Revenu chez moi, je ne m'occupai que des discours d'Adélaïde, que des peines de Sophie. Malheureusement mon père donnoit à dîner ce jour-là. Il fallut d'abord tenir table, et faire ensuite un maudit brelan, qui me retint jusqu'à plus de minuit. Quel tourment, quand on aime bien, quand on se croit aimé, quand on veut écrire à sa maîtresse, quel tourment d'être obligé de jouer toute la soirée! Je ne le souhaite pas à mon plus cruel ennemi.
On devine que je dormis peu cette nuit. Le lendemain, je passai dans un petit cabinet pratiqué au fond de ma chambre à coucher; j'avois là quelques livres d'étude, dont mon commode gouverneur ne m'ennuyoit pas souvent. Je me mis à mon secrétaire. J'écrivis une première lettre, que je déchirai; j'en fis une seconde, pleine de ratures, qu'il falloit bien corriger; et je prie le lecteur de ne pas dire que j'aurois dû recommencer encore la troisième, que voici:
Ma jolie cousine,
Il est enfin venu ce moment tant souhaité où je puis librement vous ouvrir mon cœur, solliciter de votre tendresse un aveu bien doux, et peut-être assurer ainsi notre bonheur commun.
Ah!
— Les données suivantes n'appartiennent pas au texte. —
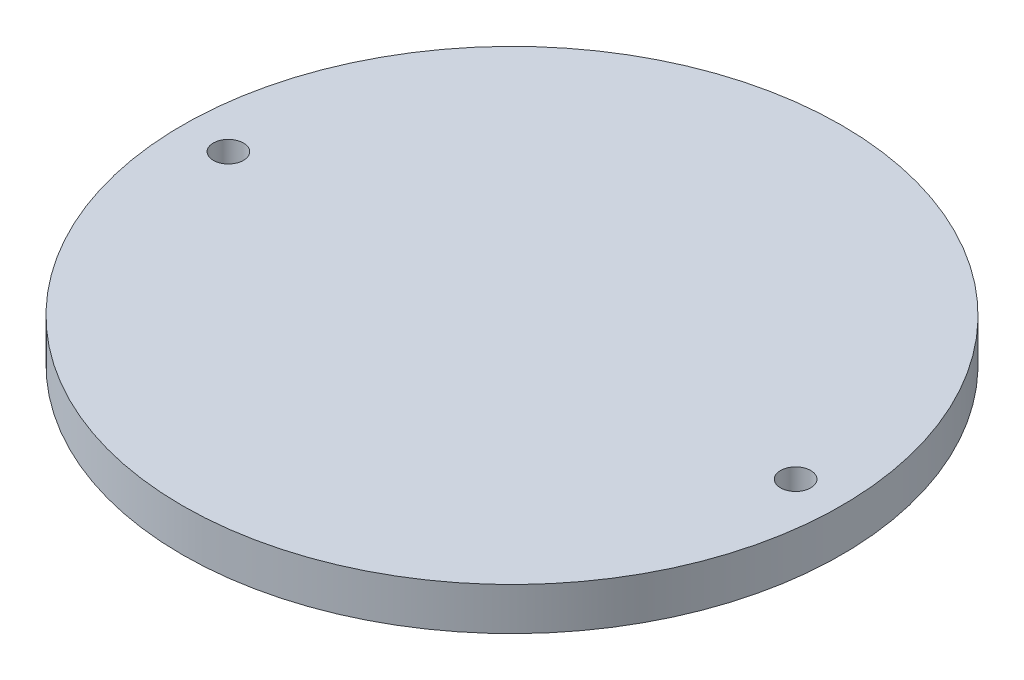
SolidWorks part; units mm, degrees
ref_plane "Front Plane" through (0, 0, 0) normal (0, 0, 1) x (1, 0, 0)
ref_plane "Top Plane" through (0, 0, 0) normal (0, 1, 0) x (1, 0, 0)
ref_plane "Right Plane" through (0, 0, 0) normal (1, 0, 0) x (0, 0, -1)
sketch "Payload Cover Profile" plane through (0, 0, 0) normal (0, 1, 0) x (1, 0, 0)
  circle A0 centre (0, 0) radius 73.787
  dimension "D1" = 147.574
extrude "Payload Cover Body" add sketch "Payload Cover Profile" along normal blind 9.525 contours A0
sketch "Threaded Rod Hole Profiles" plane through (0, 9.525, 0) normal (0, 1, 0) x (1, 0, 0)
  line L0 (-63.5, 0) -> (63.5, 0) construction
  circle A0 centre (-63.5, 0) radius 3.3782
  circle A1 centre (63.5, 0) radius 3.3782
  point P4 (0, 0)
  dimension "D1" = 6.7564
  dimension "D2" = 63.5
extrude "Threaded Rod Hole Cuts" cut sketch "Threaded Rod Hole Profiles" against normal through all

Sophie, Sophie! si vous saviez ce que j'éprouvai le premier jour que je vous vis! Comme ma vue se troubla! comme mon cœur fut agité! Mon amour n'a fait qu'augmenter depuis: un feu dévorant circule aujourd'hui dans mes veines… Sophie, je n'existe plus que par toi!
J'en étois là, quand Jasmin, entrant brusquement, m'annonça le vicomte de Florville. «Le vicomte de Florville! je ne le connois pas. Dites que je n'y suis pas.—Monsieur, il est dans votre chambre à coucher.—Comment! vous laisseriez donc entrer toute la terre?—Monsieur, il a forcé la porte.—Au diable le vicomte de Florville!»